+++ Given information
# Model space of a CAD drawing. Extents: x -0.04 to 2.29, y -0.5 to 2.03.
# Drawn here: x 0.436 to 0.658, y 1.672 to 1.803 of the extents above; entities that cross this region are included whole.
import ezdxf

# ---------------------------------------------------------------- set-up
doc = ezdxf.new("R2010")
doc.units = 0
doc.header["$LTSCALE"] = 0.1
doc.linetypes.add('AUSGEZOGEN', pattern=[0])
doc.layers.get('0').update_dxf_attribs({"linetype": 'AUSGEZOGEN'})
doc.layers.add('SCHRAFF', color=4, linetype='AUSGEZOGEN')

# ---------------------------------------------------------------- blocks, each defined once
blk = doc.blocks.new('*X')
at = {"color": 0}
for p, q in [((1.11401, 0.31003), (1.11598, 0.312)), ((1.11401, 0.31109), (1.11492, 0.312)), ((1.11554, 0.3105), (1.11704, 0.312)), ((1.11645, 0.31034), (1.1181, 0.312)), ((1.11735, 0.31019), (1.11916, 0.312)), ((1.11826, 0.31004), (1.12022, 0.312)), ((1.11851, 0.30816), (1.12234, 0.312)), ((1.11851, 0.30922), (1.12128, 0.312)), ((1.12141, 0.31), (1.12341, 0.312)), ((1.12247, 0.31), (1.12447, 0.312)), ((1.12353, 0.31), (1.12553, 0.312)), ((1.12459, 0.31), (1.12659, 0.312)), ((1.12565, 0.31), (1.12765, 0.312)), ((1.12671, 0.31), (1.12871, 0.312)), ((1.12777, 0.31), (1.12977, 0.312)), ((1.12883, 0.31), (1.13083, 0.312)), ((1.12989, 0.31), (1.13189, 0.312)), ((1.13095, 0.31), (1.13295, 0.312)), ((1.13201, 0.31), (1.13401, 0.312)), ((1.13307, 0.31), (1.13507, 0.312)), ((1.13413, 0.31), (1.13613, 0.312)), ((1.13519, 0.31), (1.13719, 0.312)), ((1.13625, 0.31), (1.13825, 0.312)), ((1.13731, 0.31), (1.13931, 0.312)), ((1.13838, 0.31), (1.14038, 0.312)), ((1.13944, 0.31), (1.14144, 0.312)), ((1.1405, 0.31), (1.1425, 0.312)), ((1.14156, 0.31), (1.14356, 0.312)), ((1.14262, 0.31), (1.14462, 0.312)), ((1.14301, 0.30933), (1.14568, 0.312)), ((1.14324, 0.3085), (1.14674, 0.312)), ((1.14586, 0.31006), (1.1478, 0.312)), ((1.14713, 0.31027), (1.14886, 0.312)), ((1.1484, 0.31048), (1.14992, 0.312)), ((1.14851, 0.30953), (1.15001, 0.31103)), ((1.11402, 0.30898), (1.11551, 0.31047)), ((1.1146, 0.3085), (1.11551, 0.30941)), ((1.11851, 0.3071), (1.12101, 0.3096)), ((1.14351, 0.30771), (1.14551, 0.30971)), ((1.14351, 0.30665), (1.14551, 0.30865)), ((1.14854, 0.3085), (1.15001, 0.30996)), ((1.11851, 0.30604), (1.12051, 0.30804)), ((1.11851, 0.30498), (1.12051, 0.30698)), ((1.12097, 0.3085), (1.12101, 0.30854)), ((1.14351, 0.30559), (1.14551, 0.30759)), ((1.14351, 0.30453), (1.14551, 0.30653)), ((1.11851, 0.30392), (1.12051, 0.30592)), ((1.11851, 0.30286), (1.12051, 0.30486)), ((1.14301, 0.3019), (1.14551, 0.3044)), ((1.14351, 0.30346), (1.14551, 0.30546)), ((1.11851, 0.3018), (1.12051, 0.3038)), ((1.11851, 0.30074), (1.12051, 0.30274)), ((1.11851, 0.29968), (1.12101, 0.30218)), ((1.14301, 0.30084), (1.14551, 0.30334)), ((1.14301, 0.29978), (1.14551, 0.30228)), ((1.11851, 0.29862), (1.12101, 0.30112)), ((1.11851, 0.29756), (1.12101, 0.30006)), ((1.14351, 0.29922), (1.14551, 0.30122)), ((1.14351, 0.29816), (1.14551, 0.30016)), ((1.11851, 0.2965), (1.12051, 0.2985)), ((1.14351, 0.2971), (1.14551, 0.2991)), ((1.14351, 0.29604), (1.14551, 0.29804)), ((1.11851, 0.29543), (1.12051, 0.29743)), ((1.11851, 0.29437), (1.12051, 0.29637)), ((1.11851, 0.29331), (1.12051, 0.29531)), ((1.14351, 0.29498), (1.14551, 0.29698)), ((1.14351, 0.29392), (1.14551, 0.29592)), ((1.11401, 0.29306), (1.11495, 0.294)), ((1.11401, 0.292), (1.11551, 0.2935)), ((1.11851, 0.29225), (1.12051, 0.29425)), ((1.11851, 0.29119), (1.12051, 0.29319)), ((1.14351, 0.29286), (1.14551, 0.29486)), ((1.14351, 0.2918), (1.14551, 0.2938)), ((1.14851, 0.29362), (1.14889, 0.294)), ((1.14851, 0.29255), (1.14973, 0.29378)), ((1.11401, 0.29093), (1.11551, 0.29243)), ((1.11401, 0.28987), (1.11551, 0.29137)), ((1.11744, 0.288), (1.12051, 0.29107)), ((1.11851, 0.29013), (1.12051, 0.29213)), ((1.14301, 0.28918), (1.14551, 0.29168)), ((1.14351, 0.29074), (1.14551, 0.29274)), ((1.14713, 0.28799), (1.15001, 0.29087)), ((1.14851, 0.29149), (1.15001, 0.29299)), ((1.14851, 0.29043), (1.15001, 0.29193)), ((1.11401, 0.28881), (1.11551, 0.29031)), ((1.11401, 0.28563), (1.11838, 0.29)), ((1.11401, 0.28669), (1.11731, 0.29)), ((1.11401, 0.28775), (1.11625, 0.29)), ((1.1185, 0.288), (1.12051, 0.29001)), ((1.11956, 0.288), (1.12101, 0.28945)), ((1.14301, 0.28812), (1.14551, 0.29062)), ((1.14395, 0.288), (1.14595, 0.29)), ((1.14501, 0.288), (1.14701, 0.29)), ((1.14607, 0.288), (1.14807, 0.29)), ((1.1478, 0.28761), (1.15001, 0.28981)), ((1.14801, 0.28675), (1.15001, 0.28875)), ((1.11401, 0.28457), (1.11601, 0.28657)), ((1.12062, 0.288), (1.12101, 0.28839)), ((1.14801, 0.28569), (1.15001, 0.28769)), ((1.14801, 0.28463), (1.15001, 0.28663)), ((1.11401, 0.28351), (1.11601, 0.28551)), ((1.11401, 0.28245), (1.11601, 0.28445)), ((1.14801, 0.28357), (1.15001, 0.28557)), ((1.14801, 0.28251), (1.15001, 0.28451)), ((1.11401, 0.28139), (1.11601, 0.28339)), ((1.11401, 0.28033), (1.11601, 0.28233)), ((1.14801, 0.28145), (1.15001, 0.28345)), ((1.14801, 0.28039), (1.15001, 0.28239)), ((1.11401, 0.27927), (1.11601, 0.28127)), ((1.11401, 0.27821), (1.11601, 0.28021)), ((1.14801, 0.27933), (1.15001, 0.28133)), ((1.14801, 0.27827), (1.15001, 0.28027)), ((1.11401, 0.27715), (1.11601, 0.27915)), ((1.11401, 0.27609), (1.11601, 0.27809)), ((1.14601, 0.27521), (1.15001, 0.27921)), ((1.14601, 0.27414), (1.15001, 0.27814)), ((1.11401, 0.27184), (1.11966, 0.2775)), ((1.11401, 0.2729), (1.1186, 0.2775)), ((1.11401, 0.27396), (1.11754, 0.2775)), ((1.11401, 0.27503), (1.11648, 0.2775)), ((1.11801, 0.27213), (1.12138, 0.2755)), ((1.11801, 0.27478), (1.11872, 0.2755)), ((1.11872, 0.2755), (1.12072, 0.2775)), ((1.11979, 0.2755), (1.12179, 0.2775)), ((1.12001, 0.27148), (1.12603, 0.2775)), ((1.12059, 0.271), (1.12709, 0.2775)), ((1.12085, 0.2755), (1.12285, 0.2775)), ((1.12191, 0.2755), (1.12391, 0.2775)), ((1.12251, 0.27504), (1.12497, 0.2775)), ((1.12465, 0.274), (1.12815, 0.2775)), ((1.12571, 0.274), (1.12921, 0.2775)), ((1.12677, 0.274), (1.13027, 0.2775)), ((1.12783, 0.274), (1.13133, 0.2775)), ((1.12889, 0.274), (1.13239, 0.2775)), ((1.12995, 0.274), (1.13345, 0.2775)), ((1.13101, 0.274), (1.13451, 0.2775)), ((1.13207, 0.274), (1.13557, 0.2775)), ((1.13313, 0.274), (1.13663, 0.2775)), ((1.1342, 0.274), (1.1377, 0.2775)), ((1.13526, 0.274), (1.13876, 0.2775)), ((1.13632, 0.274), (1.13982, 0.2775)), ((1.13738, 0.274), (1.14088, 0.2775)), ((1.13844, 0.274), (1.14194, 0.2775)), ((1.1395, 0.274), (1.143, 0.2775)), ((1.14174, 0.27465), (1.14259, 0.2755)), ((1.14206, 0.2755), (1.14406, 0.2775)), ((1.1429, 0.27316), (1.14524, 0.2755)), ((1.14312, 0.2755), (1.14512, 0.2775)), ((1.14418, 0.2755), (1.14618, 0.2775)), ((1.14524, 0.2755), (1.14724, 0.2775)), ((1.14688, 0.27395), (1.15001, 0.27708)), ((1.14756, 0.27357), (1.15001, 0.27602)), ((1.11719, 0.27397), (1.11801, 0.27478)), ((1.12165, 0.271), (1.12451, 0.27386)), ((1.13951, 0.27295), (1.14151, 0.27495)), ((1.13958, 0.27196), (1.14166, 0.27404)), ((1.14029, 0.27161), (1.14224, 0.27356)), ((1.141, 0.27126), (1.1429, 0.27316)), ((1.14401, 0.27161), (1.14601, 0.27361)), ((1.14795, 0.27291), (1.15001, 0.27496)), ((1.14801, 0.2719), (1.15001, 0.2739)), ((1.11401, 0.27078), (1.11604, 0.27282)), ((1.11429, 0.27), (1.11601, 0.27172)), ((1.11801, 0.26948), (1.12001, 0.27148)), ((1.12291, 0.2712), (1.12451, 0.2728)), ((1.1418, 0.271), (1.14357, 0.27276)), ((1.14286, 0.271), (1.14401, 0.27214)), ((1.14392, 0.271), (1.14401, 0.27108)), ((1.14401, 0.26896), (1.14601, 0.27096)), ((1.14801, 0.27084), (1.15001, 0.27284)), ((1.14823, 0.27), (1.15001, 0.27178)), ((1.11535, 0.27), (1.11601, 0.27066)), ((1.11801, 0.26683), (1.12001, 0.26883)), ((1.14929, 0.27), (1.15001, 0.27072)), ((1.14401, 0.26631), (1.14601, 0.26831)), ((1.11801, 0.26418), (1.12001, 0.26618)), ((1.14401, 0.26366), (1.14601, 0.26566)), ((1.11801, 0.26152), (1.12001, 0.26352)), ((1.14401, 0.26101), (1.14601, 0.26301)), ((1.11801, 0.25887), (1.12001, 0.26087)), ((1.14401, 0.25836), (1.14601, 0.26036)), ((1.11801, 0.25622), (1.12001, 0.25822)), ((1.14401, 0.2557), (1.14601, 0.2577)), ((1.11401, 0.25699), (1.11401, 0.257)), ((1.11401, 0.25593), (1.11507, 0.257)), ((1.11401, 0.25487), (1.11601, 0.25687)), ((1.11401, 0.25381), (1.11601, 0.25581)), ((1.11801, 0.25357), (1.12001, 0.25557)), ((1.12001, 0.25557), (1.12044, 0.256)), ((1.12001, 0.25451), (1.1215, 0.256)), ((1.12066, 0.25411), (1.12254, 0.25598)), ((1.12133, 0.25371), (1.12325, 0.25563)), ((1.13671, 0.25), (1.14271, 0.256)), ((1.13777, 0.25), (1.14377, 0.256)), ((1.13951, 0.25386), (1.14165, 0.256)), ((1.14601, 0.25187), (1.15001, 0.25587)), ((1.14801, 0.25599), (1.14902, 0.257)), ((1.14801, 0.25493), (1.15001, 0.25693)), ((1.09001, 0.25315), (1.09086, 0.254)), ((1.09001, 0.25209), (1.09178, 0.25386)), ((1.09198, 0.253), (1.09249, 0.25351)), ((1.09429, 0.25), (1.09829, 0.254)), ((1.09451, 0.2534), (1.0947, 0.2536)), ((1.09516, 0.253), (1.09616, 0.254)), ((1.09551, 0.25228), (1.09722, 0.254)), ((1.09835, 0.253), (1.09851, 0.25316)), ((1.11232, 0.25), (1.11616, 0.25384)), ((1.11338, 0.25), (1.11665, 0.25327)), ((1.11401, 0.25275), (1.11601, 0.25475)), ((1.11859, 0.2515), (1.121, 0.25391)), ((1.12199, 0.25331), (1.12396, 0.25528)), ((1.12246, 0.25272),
++++++
## What to work on
Each line of the records that contains the string "blocks" must be copied.

## Exercise answer
# ---------------------------------------------------------------- blocks, each defined once
blk = doc.blocks.new('*X')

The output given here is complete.